うーんなんでしょう……。でも、なんだかんだ言って僕は「猫物語(黒)」が好きなんですよね。テレビシリーズではあるけれど、大晦日の22時から24時という1年の最後の2時間を使って、一挙放送というものをやり始めたタイトルだったので。〈物語〉シリーズは普通のTVアニメとしてスタートしたけれど、大晦日の2時間をジャックしましょうとか、ほかのTVアニメとは違う形でチャレンジできる作品に少しずつなっていったんです。
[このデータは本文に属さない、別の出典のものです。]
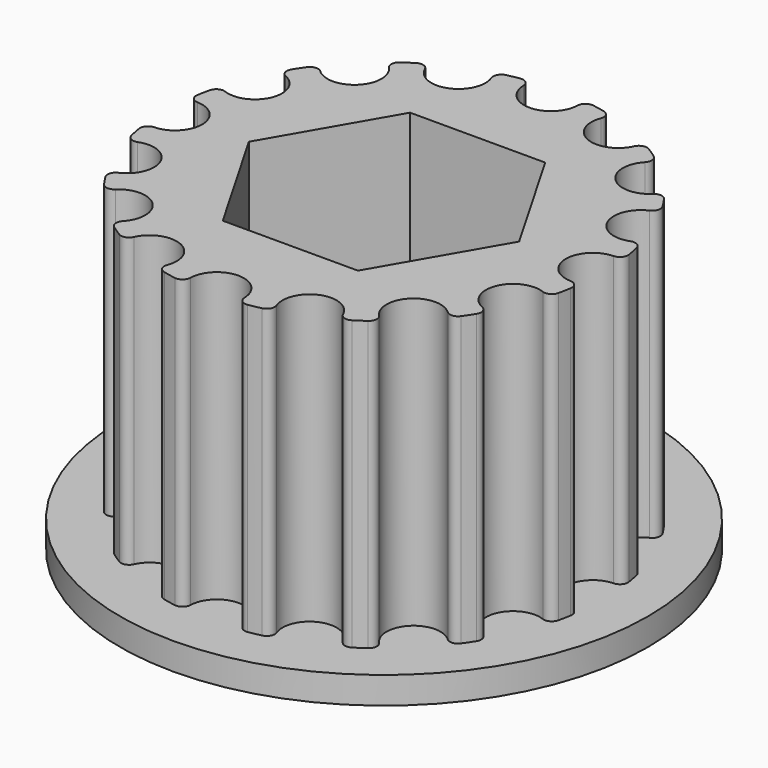
from build123d import *

# Parameters (mm, degrees)
F2_R            = 12.1598954619
F3_DEPTH        = 16
F5_DEPTH        = 16
F5_COPIES_COUNT = 16
F8_R            = 14.6598954619
F8_R_2          = 12.1598954619
F9_DEPTH        = 1.5
F10_DEPTH       = 17.501


# Not quite as in the source:
# - a feature of the source that left no trace in its solid (it failed there, or was rolled back) is left out
# - a pattern or mirror of a feature is missing from the dataset's text; its kind, count and spacing are read off the source's solid


with BuildPart() as f3:
    # F2 (on Top) → F3 (new body)
    with BuildSketch(Plane.XY):
        Circle(F2_R)
    extrude(amount=F3_DEPTH)

    # F4 (on face) → F5 (cut, through all)
    with BuildSketch(Plane.XY.offset(16)):
        with BuildLine():
            ThreePointArc((-2.024177758, 11.9902361131), (-1.6634915573, 11.8941223999), (-1.4994378615, 11.5588333213))
            ThreePointArc((-1.4994378615, 11.5588333213), (0, 10.0998954619), (1.4994378615, 11.5588333213))
            ThreePointArc((1.4994378615, 11.5588333213), (1.6634915573, 11.8941223999), (2.024177758, 11.9902361131))
            ThreePointArc((2.024177758, 11.9902361131), (0, 12.1598954619), (-2.024177758, 11.9902361131))
        make_face()
    f5 = extrude(amount=-F5_DEPTH, mode=Mode.SUBTRACT)

    # F5_copies: F5 ×16 about axis
    f5_copies_axis = Axis((0, 0, 0), (0, 0, 1))
    for i in range(1, F5_COPIES_COUNT):
        add(f5.rotate(f5_copies_axis, i * 360 / F5_COPIES_COUNT), mode=Mode.SUBTRACT)

    # F8 (on face) + F2 (on Top) → F9 (join)
    with BuildSketch(Plane.XY):
        Circle(F8_R)
        Circle(F8_R_2, mode=Mode.SUBTRACT)
    with BuildSketch(Plane.XY):
        Circle(F2_R)
    extrude(amount=-F9_DEPTH)

    # F7 (on face) → F10 (cut, through all)
    with BuildSketch(Plane.XY.offset(16)):
        Polygon((3.7527767497, 6.5), (-3.7527767497, 6.5), (-7.5055534995, 0), (-3.7527767497, -6.5), (3.7527767497, -6.5), (7.5055534995, 0), align=None)
    extrude(amount=-F10_DEPTH, mode=Mode.SUBTRACT)


solid = f3.part
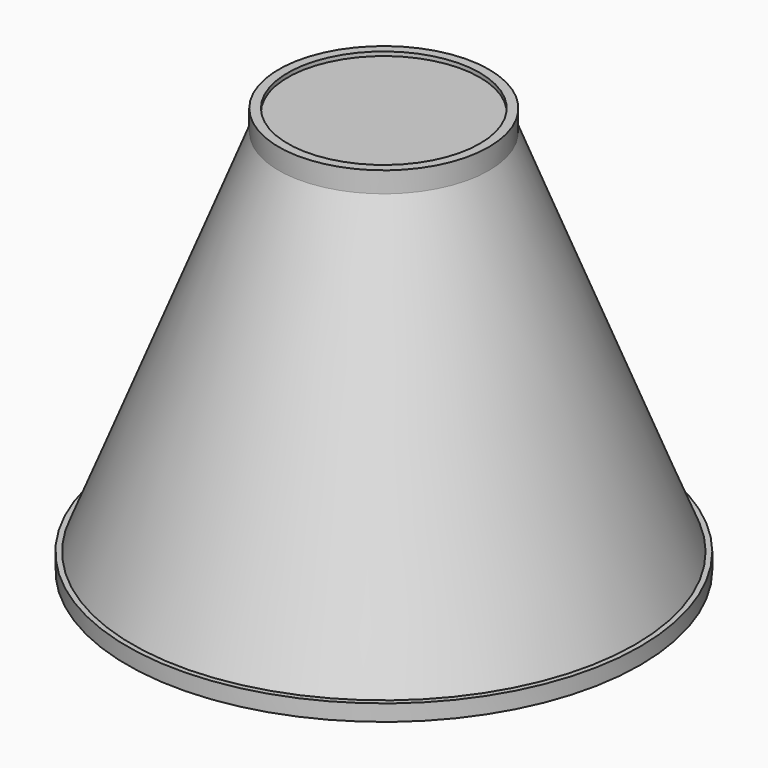
from build123d import *


# Not quite as in the source:
# - a feature of the source that left no trace in its solid (it failed there, or was rolled back) is left out


with BuildPart() as f1:
    # F0 (on Front) → F1 (revolve)
    with BuildSketch(Plane.XZ):
        with BuildLine():
            Line((11.3937472925, 47.8038191795), (0, 47.8038191795))
            Line((0, 47.8038191795), (0, -6.5516876057))
            add(Edge.make_bspline(
                [(0, -6.5516876057), (6.0146157822, -6.2971422391), (17.4152007991, -5.8146565414), (26.2624737662, -1.8656336954), (30.4421838373, 0)],
                knots=[0, 0, 0, 0, 0.5275708021, 1, 1, 1, 1], degree=3))
            Line((30.4421838373, 0), (30.4421838373, 1.9357798155))
            Line((30.4421838373, 1.9357798155), (29.8244003206, 1.9357798155))
            Line((29.8244003206, 1.9357798155), (12.4743720517, 45.8226278424))
            Line((12.4743720517, 45.8226278424), (12.4743720517, 48.2841059566))
            Line((12.4743720517, 48.2841059566), (11.3937472925, 48.2841059566))
            Line((11.3937472925, 48.2841059566), (11.3937472925, 47.8038191795))
        make_face()
    revolve(axis=Axis((0, 0, 20.6260657869), (0, 0, -1)))


solid = f1.part
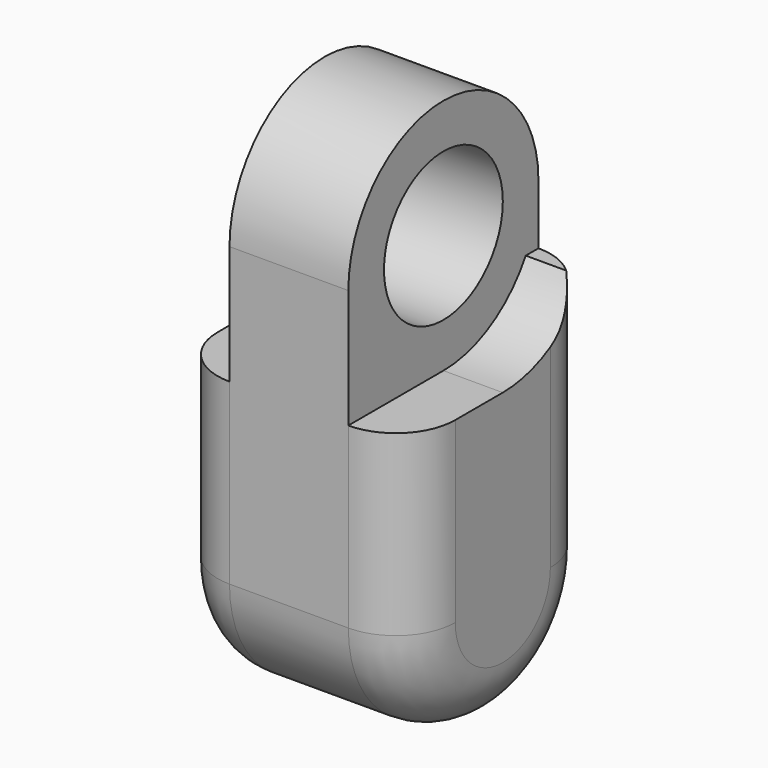
from build123d import *

# Parameters (mm, degrees)
F0_R     = 1.25
F1_DEPTH = 2
F3_DEPTH = 1
F5_R     = 1


# Not quite as in the source:
# - a pattern or mirror of a feature is missing from the dataset's text; its kind, count and spacing are read off the source's solid


with BuildPart() as f1:
    # F0 (on Right) → F1 (new body)
    with BuildSketch(Plane.YZ):
        with BuildLine():
            ThreePointArc((-2, 0), (0, -2), (2, 0))
            ThreePointArc((2, 0), (0, 2), (-2, 0))
        make_face()
        Circle(F0_R, mode=Mode.SUBTRACT)
        with BuildLine():
            Line((2, -5), (2, 0))
            ThreePointArc((2, 0), (0, -2), (-2, 0))
            Line((-2, 0), (-2, -5))
            ThreePointArc((-2, -5), (0, -3), (2, -5))
        make_face()
        with BuildLine():
            ThreePointArc((-2, -5), (0, -7), (2, -5))
            Line((2, -5), (-2, -5))
        make_face()
        with BuildLine():
            Line((-2, -5), (2, -5))
            ThreePointArc((2, -5), (0, -3), (-2, -5))
        make_face()
    extrude(amount=-F1_DEPTH)

    # F2 (on face) → F3 (join)
    with BuildSketch(Plane(origin=(-2, 0, 0), x_dir=(0, -1, 0), z_dir=(-1, 0, 0))):
        with BuildLine():
            ThreePointArc((0, -2), (-1, -1.7320508076), (-1.7320508076, -1))
            Line((-1.7320508076, -1), (-2, -1))
            Line((-2, -1), (-2, -4))
            Line((-2, -4), (-1.7320508076, -4))
            ThreePointArc((-1.7320508076, -4), (-1, -3.2679491924), (0, -3))
            Line((0, -3), (2, -3))
            Line((2, -3), (2, -2))
            Line((2, -2), (0, -2))
        make_face()
        with BuildLine():
            Line((-1.7320508076, -4), (-2, -4))
            Line((-2, -4), (-2, -5))
            ThreePointArc((-2, -5), (0, -7), (2, -5))
            Line((2, -5), (2, -3))
            Line((2, -3), (0, -3))
            ThreePointArc((0, -3), (-1, -3.2679491924), (-1.7320508076, -4))
        make_face()
    f3 = extrude(amount=F3_DEPTH)

    # F3_copies: F3 across plane
    add(f3.mirror(Plane(origin=(-1, 0, 0), x_dir=(0, 0, 1), z_dir=(1, 0, 0))))

    # F5
    f5_edges = [f1.edges().sort_by_distance(p)[0] for p in [
        (-3, 2, -3),
        (-3, -2, -3.5),
        (-3, 0, -7),
        (1, 0, -7),
        (1, 2, -3),
        (1, -2, -3.5),
    ]]
    fillet(f5_edges, radius=F5_R)


solid = f1.part

──「暦物語」もアプリでアニメを配信するという試みが新しかったですよね。

「暦物語」も原作をアニメ化にするにあたって、一番いい尺でのまとめ方をするために、あえて配信という形になったと思うんです。そういうほかのアニメと違った挑戦の積み重ねがあって、今回の「続・終物語」も劇場でのイベント上映ができている。だからどの作品ももちろん印象深いんですが、ほかのアニメとの違いを生み出すきっかけになった「猫物語(黒)」がすごく印象に残っています。

神谷浩史
「続・終物語」
2018年11月10日(土)
全国劇場にてイベント上映開始
「続・終物語」
あらすじ

高校生でも大学生でもない、そんな時期に阿良々木暦が体験した、終わりの、続きの物語。
高校の卒業式の翌朝、顔を洗おうと洗面台の鏡に向かい合った暦は、そこに映った自分自身に見つめられている感覚に陥る。
思わず鏡に手を触れると、そのまま指先が沈み込んでいき……。気がついたときには、暦はあらゆることが反転した鏡の世界に迷い込んでしまっていた。

スタッフ

原作:西尾維新(「続・終物語」講談社BOX)

キャラクター原案:VOFAN

監督:新房昭之

キャラクターデザイン・総作画監督:渡辺明夫

アニメーション制作:シャフト

キャスト

阿良々木暦:神谷浩史

戦場ヶ原ひたぎ:斎藤千和

八九寺真宵:加藤英美里

神原駿河:沢城みゆき

千石撫子:花澤香菜

羽川翼:堀江由衣

阿良々木火憐:喜多村英梨

阿良々木月火:井口裕香

斧乃木余接:早見沙織

老倉育:井上麻里奈

神谷浩史(カミヤヒロシ)
1月28日生まれ。千葉県出身。声優、ナレーター、アーティストとして幅広く活躍。第2回声優アワードサブキャラクター男優賞に続き、2009年の第3回声優アワードでは主演男優賞とパーソナリティ賞を受賞し、声優アワード史上初の主要三冠を獲得。また、「化物語」阿良々木暦役で東京国際アニメフェア2010、第9回東京アニメアワード個人賞(声優賞)を受賞。主な出演作に「夏目友人帳」シリーズ(夏目貴志役)、「進撃の巨人」(リヴァイ役)、「斉木楠雄のΨ難」(斉木楠雄役)、「イナズマイレブン オリオンの刻印」(灰崎凌兵役)など。